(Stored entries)
Start of Block

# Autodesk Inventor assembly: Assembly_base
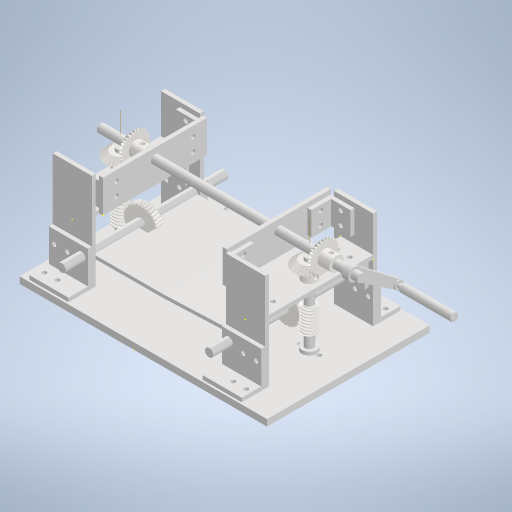
[picture p0: Inventor's stored thumbnail of the model, 512x512]
Saved by Autodesk Inventor 2023 (Build 270158000, 158)
## iProperties
Created: 2023-02-09
Part Number: Assembly_base
Document SubType Name: Assembly
Designer: deepa
Author: deepa
## Documents named in this file (17)
- C:\Users\deepa\OneDrive\Desktop\Courses\4thsem\ta220\Group 27 TA\Assembly_base.iam
- C:\Users\deepa\OneDrive\Desktop\Courses\4thsem\ta220\Group 27 TA\Base Plate.ipt
- C:\Users\deepa\OneDrive\Desktop\Courses\4thsem\ta220\Group 27 TA\Base_Connector1.ipt
- C:\Users\deepa\OneDrive\Desktop\Courses\4thsem\ta220\Group 27 TA\Base_Connector2.ipt
- C:\Users\deepa\OneDrive\Desktop\Courses\4thsem\ta220\Group 27 TA\Side_Plate1.ipt
- C:\Users\deepa\OneDrive\Desktop\Courses\4thsem\ta220\Group 27 TA\Side_plate2.ipt
- C:\Users\deepa\OneDrive\Desktop\Courses\4thsem\ta220\Group 27 TA\support plate 2.ipt
- C:\Users\deepa\OneDrive\Desktop\Courses\4thsem\ta220\Group 27 TA\Normal_Connector.ipt
- C:\Users\deepa\OneDrive\Desktop\Courses\4thsem\ta220\Group 27 TA\support plate 3.ipt
- C:\Users\deepa\OneDrive\Desktop\Courses\4thsem\ta220\Group 27 TA\rod_450mm.ipt
- C:\Users\deepa\OneDrive\Desktop\Courses\4thsem\ta220\Group 27 TA\shaft_120mm.ipt
- C:\Users\deepa\OneDrive\Desktop\Courses\4thsem\ta220\Group 27 TA\Assembly_base\Design Accelerator\Bevel Gears3.iam
- C:\Users\deepa\OneDrive\Desktop\Courses\4thsem\ta220\Group 27 TA\rod_250mm.ipt
- C:\Users\deepa\OneDrive\Desktop\Courses\4thsem\ta220\Group 27 TA\Assembly_base\Design Accelerator\Worm Gears7.iam
- C:\Users\deepa\OneDrive\Desktop\Courses\4thsem\ta220\Group 27 TA\sadak_.ipt
- C:\Users\deepa\OneDrive\Desktop\Courses\4thsem\ta220\Group 27 TA\Handle.ipt
- C:\Users\deepa\OneDrive\Desktop\Courses\4thsem\ta220\Group 27 TA\Handle_holder.ipt
## Components (34 placed, 16 different names)
1. Base Plate:1 — Mate:1, Mate:2, Mate:3, Mate:4, Mate:5, Mate:6, Mate:7, Mate:8, Mate:9, Mate:10, Mate:11, Mate:12, Mate:13, Mate:14, Mate:15, Mate:16, Mate:21, Mate:74, Mate:75, Mate:86, Mate:87, Flush:10
2. Base_Connector1:1 — Mate:1, Mate:2, Mate:3, Mate:22, Mate:23
3. Base_Connector1:2 — Mate:4, Mate:5, Mate:6, Mate:26, Mate:32
4. Base_Connector2:1 — Mate:7, Mate:11, Mate:12, Mate:18, Mate:19, Mate:95
5. Base_Connector2:2 — Mate:8, Mate:9, Mate:10, Mate:24, Mate:25, Mate:92
6. Side_Plate1:1 — Mate:14, Mate:21, Mate:22, Mate:23, Mate:40, Flush:1, Mate:54, Mate:99
7. Side_plate2:1 — Mate:13, Mate:18, Mate:19, Flush:2, Mate:45, Mate:46, Mate:72, Mate:98
8. Side_Plate1:2 — Mate:15, Mate:24, Mate:25, Mate:39, Flush:3, Mate:51
9. Side_plate2:2 — Mate:16, Mate:26, Mate:32, Flush:4, Mate:57
10. support plate 2:1 — Mate:36, Mate:37, Mate:38, Mate:40, Flush:1, Mate:53, Mate:73
11. Normal_Connector:1 — Mate:36, Mate:38, Mate:39, Flush:5
12. Normal_Connector:2 — Mate:37, Mate:54, Flush:6
13. support plate 2:2 — Flush:2, Mate:46, Mate:56, Mate:58
14. Normal_Connector:3 — Mate:45, Flush:6
15. Normal_Connector:4 — Mate:57, Mate:58, Flush:5
16. support plate 3:1 — Flush:4, Mate:56, Mate:61, Mate:62, Mate:69, Mate:70, Mate:71
17. support plate 3:2 — Flush:3, Mate:51, Mate:53, Mate:60, Mate:63, Mate:64, Mate:65, Mate:66, Mate:67, Mate:68
18. Normal_Connector:5 — Mate:66, Mate:67, Mate:68
19. Normal_Connector:6 — Mate:60, Mate:61, Mate:62
20. Normal_Connector:7 — Mate:63, Mate:64, Mate:65
21. Normal_Connector:8 — Mate:69, Mate:70, Mate:71, Mate:72
22. rod_450mm:1 — Mate:73, Flush:10, Mate:88, Mate:90, Mate:100
23. shaft_120mm:1 — Mate:75, Mate:87, Mate:91, Mate:94
24. shaft_120mm:2 — Mate:74, Mate:86, Mate:89, Mate:93
25. Bevel Gears:4 [sub-assembly] — Mate:90, Mate:91, Mate:101
26. Bevel Gears:5 [sub-assembly] — Mate:88, Mate:89
27. rod_250mm:1 — Mate:95, Mate:96
28. rod_250mm:2 — Mate:92, Mate:97
29. Worm Gears:9 [sub-assembly] — Mate:93
30. Worm Gears:10 [sub-assembly] — Mate:94
31. sadak_:1 — Mate:96, Mate:98
32. sadak_:2 — Mate:97, Mate:99
33. Handle:1 — Mate:100, Mate:101, Mate:102, Mate:103
34. Handle_holder:1 — Mate:102, Mate:103
## Relationships (81: Mate 74, Flush 7)
- Mate:1: Base Plate:1 ↔ Base_Connector1:1
- Mate:2: Base Plate:1 ↔ Base_Connector1:1
- Mate:3: Base Plate:1 ↔ Base_Connector1:1
- Mate:4: Base Plate:1 ↔ Base_Connector1:2
- Mate:5: Base Plate:1 ↔ Base_Connector1:2
- Mate:6: Base Plate:1 ↔ Base_Connector1:2
- Mate:7: Base Plate:1 ↔ Base_Connector2:1
- Mate:8: Base Plate:1 ↔ Base_Connector2:2
- Mate:9: Base Plate:1 ↔ Base_Connector2:2
- Mate:10: Base Plate:1 ↔ Base_Connector2:2
- Mate:11: Base Plate:1 ↔ Base_Connector2:1
- Mate:12: Base Plate:1 ↔ Base_Connector2:1
- Mate:13: Base Plate:1 ↔ Side_plate2:1
- Mate:14: Base Plate:1 ↔ Side_Plate1:1
- Mate:15: Base Plate:1 ↔ Side_Plate1:2
- Mate:16: Base Plate:1 ↔ Side_plate2:2
- Mate:18: Base_Connector2:1 ↔ Side_plate2:1
- Mate:19: Base_Connector2:1 ↔ Side_plate2:1
- Mate:21: Base Plate:1 ↔ Side_Plate1:1
- Mate:22: Base_Connector1:1 ↔ Side_Plate1:1
- Mate:23: Base_Connector1:1 ↔ Side_Plate1:1
- Mate:24: Base_Connector2:2 ↔ Side_Plate1:2
- Mate:25: Base_Connector2:2 ↔ Side_Plate1:2
- Mate:26: Base_Connector1:2 ↔ Side_plate2:2
- Mate:32: Base_Connector1:2 ↔ Side_plate2:2
- Mate:36: support plate 2:1 ↔ Normal_Connector:1
- Mate:37: support plate 2:1 ↔ Normal_Connector:2
- Mate:38: support plate 2:1 ↔ Normal_Connector:1
- Mate:39: Side_Plate1:2 ↔ Normal_Connector:1
- Mate:40 (5 mm): Side_Plate1:1 ↔ support plate 2:1
- Flush:1: Side_Plate1:1 ↔ support plate 2:1
- [Mate]: support plate 2:2 ↔ Normal_Connector:3
- [Mate]: support plate 2:2 ↔ Normal_Connector:3
- Flush:2: Side_plate2:1 ↔ support plate 2:2
- Mate:45: Side_plate2:1 ↔ Normal_Connector:3
- Mate:46 (5 mm): Side_plate2:1 ↔ support plate 2:2
- Flush:3: Side_Plate1:2 ↔ support plate 3:2
- Mate:51: Side_Plate1:2 ↔ support plate 3:2
- Mate:53 (10 mm): support plate 2:1 ↔ support plate 3:2
- Mate:54: Side_Plate1:1 ↔ Normal_Connector:2
- Flush:4: Side_plate2:2 ↔ support plate 3:1
- Mate:56 (5 mm): support plate 2:2 ↔ support plate 3:1
- Mate:57: Side_plate2:2 ↔ Normal_Connector:4
- Mate:58: support plate 2:2 ↔ Normal_Connector:4
- Flush:5: Normal_Connector:1 ↔ Normal_Connector:4
- Flush:6: Normal_Connector:2 ↔ Normal_Connector:3
- Mate:60: support plate 3:2 ↔ Normal_Connector:6
- Mate:61: support plate 3:1 ↔ Normal_Connector:6
- Mate:62: support plate 3:1 ↔ Normal_Connector:6
- Mate:63: support plate 3:2 ↔ Normal_Connector:7
- Mate:64: support plate 3:2 ↔ Normal_Connector:7
- Mate:65: support plate 3:2 ↔ Normal_Connector:7
- Mate:66: support plate 3:2 ↔ Normal_Connector:5
- Mate:67: support plate 3:2 ↔ Normal_Connector:5
- Mate:68: support plate 3:2 ↔ Normal_Connector:5
- Mate:69: support plate 3:1 ↔ Normal_Connector:8
- Mate:70: support plate 3:1 ↔ Normal_Connector:8
- Mate:71: support plate 3:1 ↔ Normal_Connector:8
- Mate:72: Side_plate2:1 ↔ Normal_Connector:8
- Mate:73: support plate 2:1 ↔ rod_450mm:1
- Mate:74: Base Plate:1 ↔ shaft_120mm:2
- Mate:75: Base Plate:1 ↔ shaft_120mm:1
- Mate:86: Base Plate:1 ↔ shaft_120mm:2
- Mate:87: Base Plate:1 ↔ shaft_120mm:1
- Flush:10: Base Plate:1 ↔ rod_450mm:1
- Mate:88: rod_450mm:1 ↔ Bevel Gears:5
- Mate:89: shaft_120mm:2 ↔ Bevel Gears:5
- Mate:90: rod_450mm:1 ↔ Bevel Gears:4
- Mate:91: shaft_120mm:1 ↔ Bevel Gears:4
- Mate:92: Base_Connector2:2 ↔ rod_250mm:2
- Mate:93: shaft_120mm:2 ↔ Worm Gears:9
- Mate:94: shaft_120mm:1 ↔ Worm Gears:10
- Mate:95: Base_Connector2:1 ↔ rod_250mm:1
- Mate:96: rod_250mm:1 ↔ sadak_:1
- Mate:97: rod_250mm:2 ↔ sadak_:2
- Mate:98: Side_plate2:1 ↔ sadak_:1
- Mate:99: Side_Plate1:1 ↔ sadak_:2
- Mate:100: rod_450mm:1 ↔ Handle:1
- Mate:101 (20 mm): Bevel Gears:4 ↔ Handle:1
- Mate:102: Handle:1 ↔ Handle_holder:1
- Mate:103: Handle:1 ↔ Handle_holder:1
## Named parameters: d58_d50 = 0 mm, d60_d53 = 0 mm

End of Block

Required work = In the data above, which lines lie between the line with "- Mate:19: Base_Connector2:1 ↔ Side_plate2:1" and the line with "- Mate:25: Base_Connector2:2 ↔ Side_Plate1:2", inclusive? Print those lines exactly and nothing else.

Response below =
- Mate:19: Base_Connector2:1 ↔ Side_plate2:1
- Mate:21: Base Plate:1 ↔ Side_Plate1:1
- Mate:22: Base_Connector1:1 ↔ Side_Plate1:1
- Mate:23: Base_Connector1:1 ↔ Side_Plate1:1
- Mate:24: Base_Connector2:2 ↔ Side_Plate1:2
- Mate:25: Base_Connector2:2 ↔ Side_Plate1:2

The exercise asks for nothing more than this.